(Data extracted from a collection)
--------------------------------

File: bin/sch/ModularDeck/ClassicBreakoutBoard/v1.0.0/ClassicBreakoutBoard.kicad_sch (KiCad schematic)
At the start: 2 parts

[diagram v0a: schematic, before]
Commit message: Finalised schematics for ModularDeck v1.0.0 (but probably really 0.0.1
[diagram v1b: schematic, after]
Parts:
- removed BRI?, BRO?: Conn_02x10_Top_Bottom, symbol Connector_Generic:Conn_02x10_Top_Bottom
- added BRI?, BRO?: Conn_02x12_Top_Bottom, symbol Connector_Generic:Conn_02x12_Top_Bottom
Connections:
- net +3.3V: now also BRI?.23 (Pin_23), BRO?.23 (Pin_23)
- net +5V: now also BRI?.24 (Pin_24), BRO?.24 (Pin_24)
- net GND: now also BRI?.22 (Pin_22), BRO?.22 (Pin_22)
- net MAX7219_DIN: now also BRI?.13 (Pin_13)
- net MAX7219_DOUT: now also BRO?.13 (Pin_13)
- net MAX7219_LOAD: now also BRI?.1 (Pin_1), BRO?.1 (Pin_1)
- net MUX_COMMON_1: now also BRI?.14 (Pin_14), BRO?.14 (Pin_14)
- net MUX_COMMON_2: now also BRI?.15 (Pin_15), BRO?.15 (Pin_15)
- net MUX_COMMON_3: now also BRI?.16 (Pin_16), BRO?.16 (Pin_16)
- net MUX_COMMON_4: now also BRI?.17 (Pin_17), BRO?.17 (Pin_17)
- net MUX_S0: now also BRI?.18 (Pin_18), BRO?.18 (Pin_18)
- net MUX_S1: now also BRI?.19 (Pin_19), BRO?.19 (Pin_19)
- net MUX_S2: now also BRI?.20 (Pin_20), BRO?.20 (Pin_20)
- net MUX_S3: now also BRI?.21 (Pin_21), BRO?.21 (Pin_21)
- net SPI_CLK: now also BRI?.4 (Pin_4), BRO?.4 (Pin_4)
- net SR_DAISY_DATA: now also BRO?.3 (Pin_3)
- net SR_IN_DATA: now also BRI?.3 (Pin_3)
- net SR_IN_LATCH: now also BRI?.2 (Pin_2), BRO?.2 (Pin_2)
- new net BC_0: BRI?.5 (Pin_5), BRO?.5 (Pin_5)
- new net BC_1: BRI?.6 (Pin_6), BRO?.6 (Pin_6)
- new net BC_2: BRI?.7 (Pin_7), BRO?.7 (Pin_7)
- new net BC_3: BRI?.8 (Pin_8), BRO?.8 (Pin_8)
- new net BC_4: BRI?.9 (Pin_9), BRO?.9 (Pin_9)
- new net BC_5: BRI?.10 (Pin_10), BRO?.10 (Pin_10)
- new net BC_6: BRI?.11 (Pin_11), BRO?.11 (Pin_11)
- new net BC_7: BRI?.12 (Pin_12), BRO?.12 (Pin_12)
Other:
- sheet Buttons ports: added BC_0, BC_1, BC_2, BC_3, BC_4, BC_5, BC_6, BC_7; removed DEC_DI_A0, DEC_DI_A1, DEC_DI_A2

--------------------------------

▸ Assignment
What should appear is an exact copy of the lines from the one with "- new net BC_4: BRI?.9" through the end of the entries above, ends included, and no other text.

▸ Response
- new net BC_4: BRI?.9 (Pin_9), BRO?.9 (Pin_9)
- new net BC_5: BRI?.10 (Pin_10), BRO?.10 (Pin_10)
- new net BC_6: BRI?.11 (Pin_11), BRO?.11 (Pin_11)
- new net BC_7: BRI?.12 (Pin_12), BRO?.12 (Pin_12)
Other:
- sheet Buttons ports: added BC_0, BC_1, BC_2, BC_3, BC_4, BC_5, BC_6, BC_7; removed DEC_DI_A0, DEC_DI_A1, DEC_DI_A2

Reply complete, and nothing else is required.